Rock-and-roll when it’s great is a complex monster. It’s dynamic, a unit full of parts, like all amazing music: There’s the singer, there’s the guitar player, and a lot of people only pay attention to them. But you know what? I don’t care what anyone says—those guys aren’t the ones moving the house. The drums and beats do that, people. And that goes for whatever music you listen to. Drums are the base: They’re tribal, they’re primal, and they are the earliest form of music we know. Drum beats come from the rhythm that starts us off in this world, the first music we hear—our mothers’ heartbeat in the womb. Drums and rhythm are as simple and as complex as that. When you see 60,000 people going off, whether it’s at a rave, a rock show, a rap show, or a freakin’ parade or ceremony of whatever kind, I guarantee you the proceedings begin and end with the beat of a drum. That is the source. When I heard how Bonham did it, I freaked the fuck out. I can’t even begin to fully capture how I felt when I first rocked the house, or what it is like, sitting on my drum throne in a stadium, arena, or even a little club, with a kick-ass bunch of players waiting for me to start the fucking fire. That’s what a drummer does, and it’s a powerful position. Once you know you’re good enough and once you really know what you can do back there, and once when you’ve got an arsenal of songs to tear it up, it’s incredible. You look out into the crowd and you just think, “I’ve got all you motherfuckers right now. Let’s rip!” There’s been moments when I can’t believe it. I’ve watched entire arenas bouncing in time. And you know, my bandmates might do their thing, but it’s something fucking else to look out there and watch the people moving their bodies to what I’m doing. They’re not bouncing to the lyrics, they’re not bouncing to the guitar, they’re bouncing to the drums.
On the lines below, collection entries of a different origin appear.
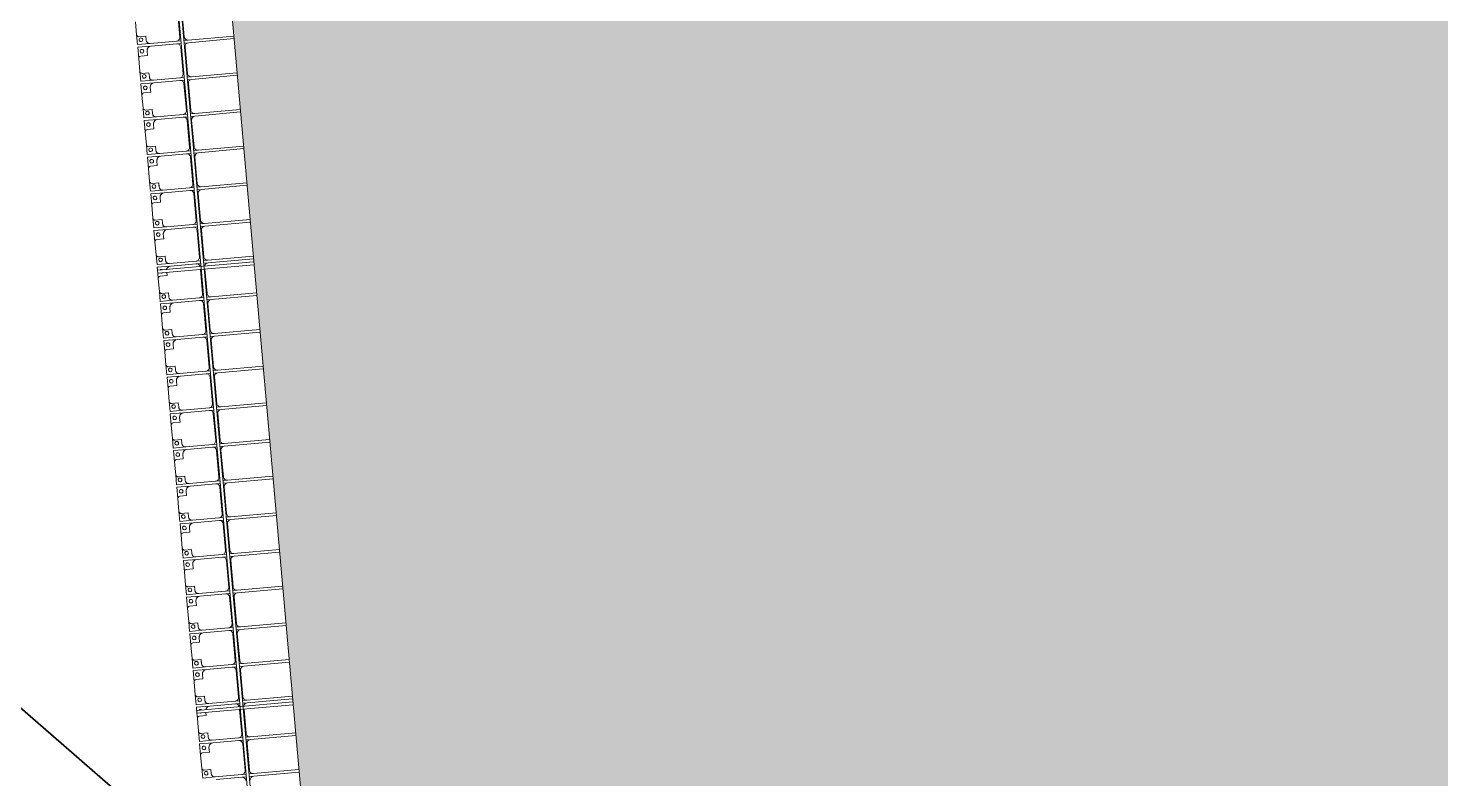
# Model space of a CAD drawing. Header units: millimetres. Extents: x -861324 to 439029, y -308065 to 694685.
# Drawn here: x -94915 to -75739, y 140006 to 150198 of the extents above; entities that cross this region are included whole.
import ezdxf

# ---------------------------------------------------------------- set-up
doc = ezdxf.new("R2010")
doc.units = ezdxf.units.MM
for name, color, linetype, lineweight in [('A-DETL-GENF', 92, 'Continuous', 9), ('A-DETL-THIN', 151, 'Continuous', 9), ('A-GENM', 13, 'Continuous', 9), ('C-TOPO-MAJR', 7, 'Continuous', 35), ('S-BEAM', 12, 'Continuous', 9)]:
    doc.layers.add(name, color=color, linetype=linetype, lineweight=lineweight)

# ---------------------------------------------------------------- blocks, each defined once
blk = doc.blocks.new('Dải phao đi lại kèm đỡ invester - DẢI PHAO ĐI LẠI-19658-BỐ TRÍ BÈ PIN HỒ BẢN MÒNG')
at = {"layer": 'A-GENM', "color": 7}
for p, q in [((13223, -620), (13223, 0)), ((13258, 0), (13258, -620)), ((13723, -620), (13723, 0)), ((13758, 0), (13758, -620)), ((14223, -620), (14223, 0)), ((14258, 0), (14258, -620)), ((15223, -620), (15223, 0)), ((15258, 0), (15258, -620)), ((15758, 0), (15758, -620)), ((16223, -620), (16223, 0)), ((16258, 0), (16258, -620)), ((16723, -620), (16723, 0)), ((16758, 0), (16758, -620)), ((17223, -620), (17223, 0)), ((17258, 0), (17258, -620)), ((17723, -620), (17723, 0)), ((17758, 0), (17758, -620)), ((18223, -620), (18223, 0)), ((18723, -620), (18723, 0)), ((18758, 0), (18758, -620)), ((19723, -620), (19723, 0)), ((19758, 0), (19758, -620)), ((20258, 0), (20258, -620)), ((20723, -620), (20723, 0)), ((20758, 0), (20758, -620)), ((21223, -620), (21223, 0)), ((21258, 0), (21258, -620)), ((21723, -620), (21723, 0)), ((21758, 0), (21758, -620)), ((22223, -620), (22223, 0)), ((22258, 0), (22258, -620)), ((22723, -620), (22723, 0)), ((23223, -620), (23223, 0)), ((23258, 0), (23258, -620)), ((14723, -620), (14723, 0)), ((14758, 0), (14758, -620)), ((15723, -620), (15723, 0)), ((18258, 0), (18258, -620)), ((19223, -620), (19223, 0)), ((19258, 0), (19258, -620)), ((20223, -620), (20223, 0)), ((22758, 0), (22758, -620)), ((12808, -670), (13173, -670)), ((13173, -730), (12808, -730)), ((13223, -620), (13223, -681)), ((13223, -721), (13223, -780)), ((13258, -681), (13258, -620)), ((13258, -780), (13258, -721)), ((13308, -670), (13673, -670)), ((13673, -730), (13308, -730)), ((13723, -620), (13723, -681)), ((13723, -721), (13723, -780)), ((13758, -681), (13758, -620)), ((13758, -780), (13758, -721)), ((13808, -670), (14173, -670)), ((14173, -730), (13808, -730)), ((14223, -620), (14223, -681)), ((14223, -721), (14223, -780)), ((14258, -681), (14258, -620)), ((14258, -780), (14258, -721)), ((14308, -670), (14673, -670)), ((14673, -730), (14308, -730)), ((14723, -620), (14723, -681)), ((14723, -721), (14723, -780)), ((14758, -681), (14758, -620)), ((14758, -780), (14758, -721)), ((14808, -670), (15173, -670)), ((15173, -730), (14808, -730)), ((15223, -620), (15223, -681)), ((15223, -721), (15223, -780)), ((15258, -681), (15258, -620)), ((15258, -780), (15258, -721)), ((15308, -670), (15673, -670)), ((15673, -730), (15308, -730)), ((15723, -620), (15723, -681)), ((15723, -721), (15723, -780)), ((15758, -681), (15758, -620)), ((15758, -780), (15758, -721)), ((15808, -670), (16173, -670)), ((16173, -730), (15808, -730)), ((16223, -620), (16223, -681)), ((16223, -721), (16223, -780)), ((16258, -681), (16258, -620)), ((16258, -780), (16258, -721)), ((16340, -670), (16673, -670)), ((16673, -730), (16340, -730)), ((16723, -620), (16723, -681)), ((16723, -721), (16723, -780)), ((16758, -681), (16758, -620)), ((16758, -780), (16758, -721)), ((16808, -670), (17173, -670)), ((17173, -730), (16808, -730)), ((17223, -620), (17223, -681)), ((17223, -721), (17223, -780)), ((17258, -681), (17258, -620)), ((17258, -780), (17258, -721)), ((17308, -670), (17673, -670)), ((17673, -730), (17308, -730)), ((17723, -620), (17723, -681)), ((17723, -721), (17723, -780)), ((17758, -681), (17758, -620)), ((17758, -780), (17758, -721)), ((17808, -670), (18173, -670)), ((18173, -730), (17808, -730)), ((18223, -620), (18223, -681)), ((18223, -721), (18223, -780)), ((18258, -681), (18258, -620)), ((18258, -780), (18258, -721)), ((18308, -670), (18673, -670)), ((18673, -730), (18308, -730)), ((18723, -620), (18723, -681)), ((18723, -721), (18723, -780)), ((18758, -681), (18758, -620)), ((18758, -780), (18758, -721)), ((18808, -670), (19173, -670)), ((19173, -730), (18808, -730)), ((19223, -620), (19223, -681)), ((19223, -721), (19223, -780)), ((19258, -681), (19258, -620)), ((19258, -780), (19258, -721)), ((19308, -670), (19673, -670)), ((19673, -730), (19308, -730)), ((19723, -620), (19723, -681)), ((19723, -721), (19723, -780)), ((19758, -681), (19758, -620)), ((19758, -780), (19758, -721)), ((19808, -670), (20173, -670)), ((20173, -730), (19808, -730)), ((20223, -620), (20223, -681)), ((20223, -721), (20223, -780)), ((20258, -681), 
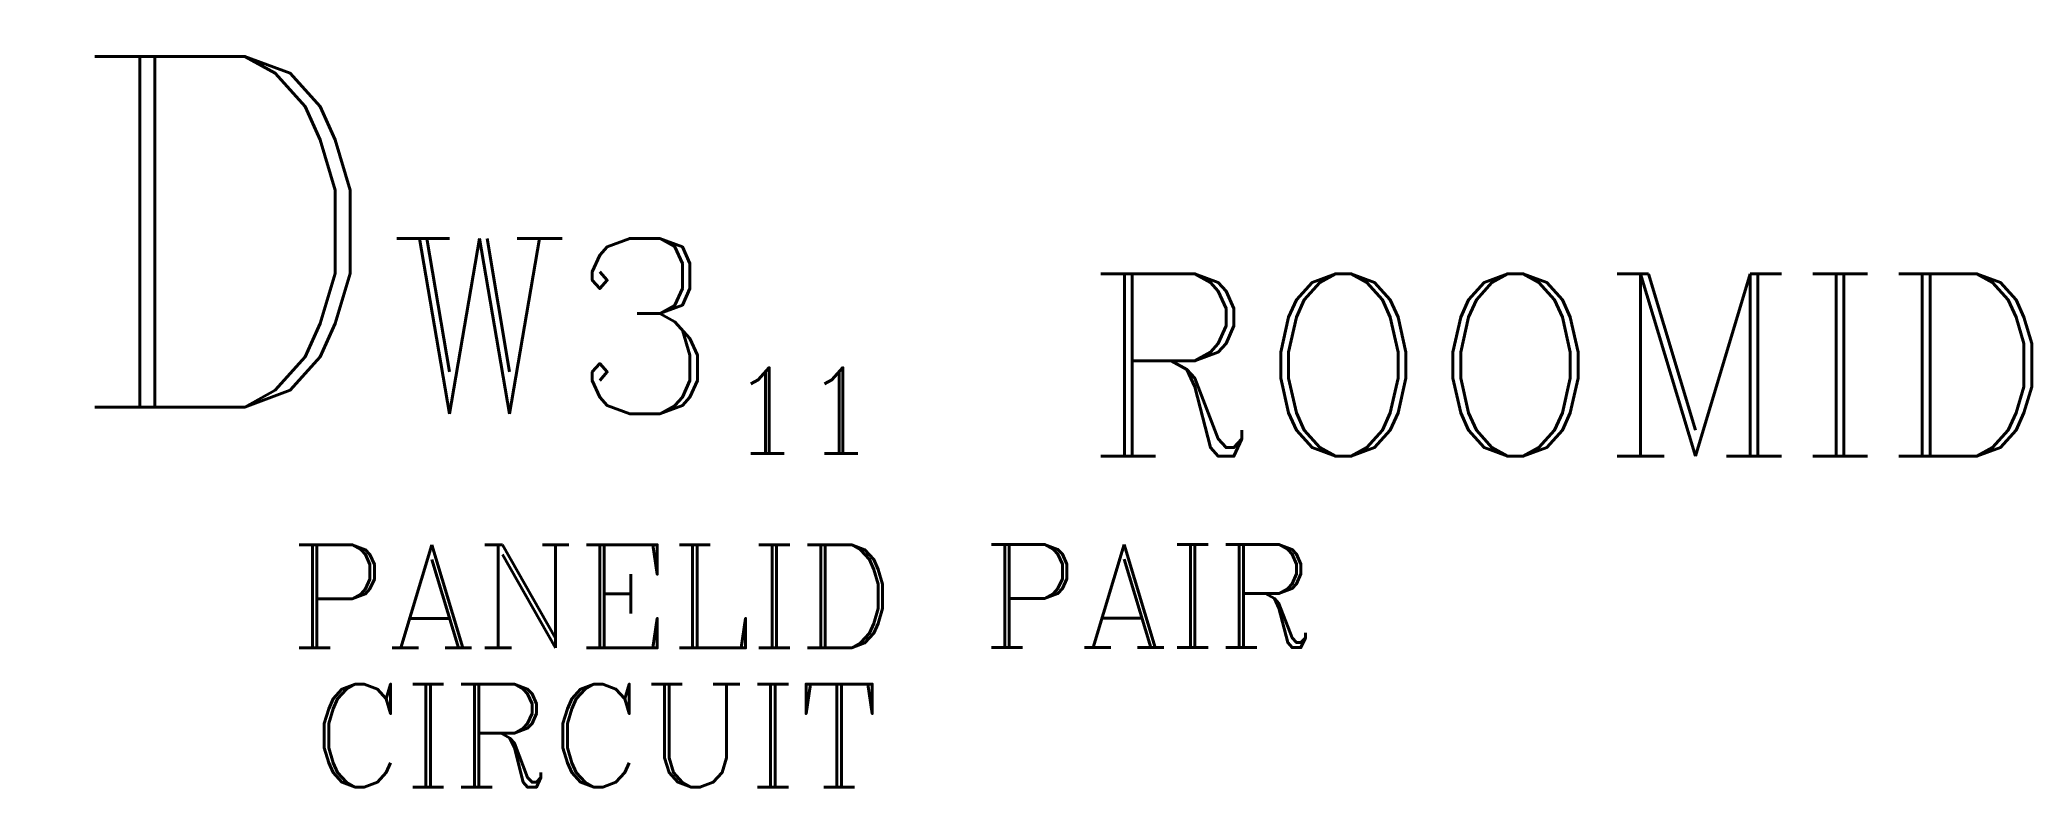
# Model space of a CAD drawing. Header units: inches. Extents: x -16 to 100, y -14 to 29.
import ezdxf
from ezdxf.enums import TextEntityAlignment as Align

# ---------------------------------------------------------------- set-up
doc = ezdxf.new("R2010")
doc.units = ezdxf.units.IN
doc.header["$LTSCALE"] = 48
doc.header["$MEASUREMENT"] = 0
doc.styles.add('FSL12-1', font='complex.shx')
doc.styles.add('ROMANC', font='COMPLEX.SHX')
doc.styles.add('WSNotes', font='complex.shx', dxfattribs={"height": 18})

msp = doc.modelspace()

# ---------------------------------------------------------------- texts
at = {"style": 'WSNotes', "flags": 1}
msp.add_attdef('ROOMID', (44.66, 4.86), '', height=10.62, dxfattribs=at)
at = {"style": 'ROMANC'}
for tag, p in [('PANELID', (16.03, -0.29)), ('CIRCUIT', (16.2, -8.4))]:
    msp.add_attdef(tag, text='', height=6, dxfattribs=at).set_placement(p, align=Align.TOP_CENTER)
msp.add_attdef('PAIR', (38.7, -6.27), '', height=6, dxfattribs=at)

# ---------------------------------------------------------------- wipeouts: each hides what was drawn before it
msp.add_wipeout([(-16.17, 29.1), (28.33, 29.1), (28.33, 4.1), (-16.17, 4.1)])

# ---------------------------------------------------------------- next in the draw order: texts
at = {"linetype": 'Continuous', "attachment_point": 1, "style": 'FSL12-1'}
for s, insert, char_height, width in [('D', (-14.72, 28.13), 20.4, 91.8), ('W3', (4.17, 17.54), 10.2, 66.9375), ('11', (23.92, 10.03), 5, 66.9375)]:
    msp.add_mtext(s, dxfattribs=dict(at, insert=insert, char_height=char_height, width=width))

doc.saveas('drawing.dxf')

I guess I got off the subject. Hey! Guys! Mr. Page and Mr. Plant, and Mr. John Paul Jones! If you do another Zep tour anytime soon, please call my ass—you won’t be disappointed!!!!
VAN HALEN
I’ll never forget hearing their cover of the Kinks’s “You Really Got Me” on the radio and thinking, “Daaaaaaamn! No fuckin’ way!” I really couldn’t believe it when I heard “Eruption.” Eddie’s guitar solo and tone was so
fresh to my ears—it was nothing I’d ever heard before. I lost it just like every guitar player and rock fan on the planet did. Their first record changed my life. Then I saw them live at Long Beach Arena, and there I was standing on my chair the whole fuckin’ time trippin’ out on how this unreal band served everyone the heaviest shit around at the time. Thanks dudes! That was a great night for me: I snuck out of my window, jumped off the roof into the tree next to it, climbed down, and hopped in my friend’s car. And I stood on my seat in the arena rocking the fuck out all night.
CHEAP TRICK
Cheap Trick opened up for Mötley in 1986 for nine of our U.K. shows. We were really hitting our stride, and I couldn’t believe it—to me, it was insane that we weren’t opening up for them. They were my heroes. Dude, I sat out on the side of the stage every night watching Cheap Trick, my favorite band of all time, play—and every night I was amazed, speechless, and just like, “Woah.” It wasn’t even their heaviest period—back then a lot of my heroes were doing pop. Trick had just released “The Flame,” Robert Plant was doing the Honeydrippers, and Bowie was doing his pop thing. Mötley was in the middle of our craziest shit, but even then I could understand how those guys, who’d all been through a bunch of shit, wanted to do something new, more mellow, and mature. It was so cool to see Cheap Trick in that phase of their career, totally able to shift gears into their old stuff too, and hold it all together because they’re such amazing bad-ass players. And they were on that tour as they always are, every single night. Guys...if you only knew how much you’ve inspired me with your melodies and songs. Words escape me. Again... thank you. All I can say is go see them—they’re still touring and as bad-ass as ever.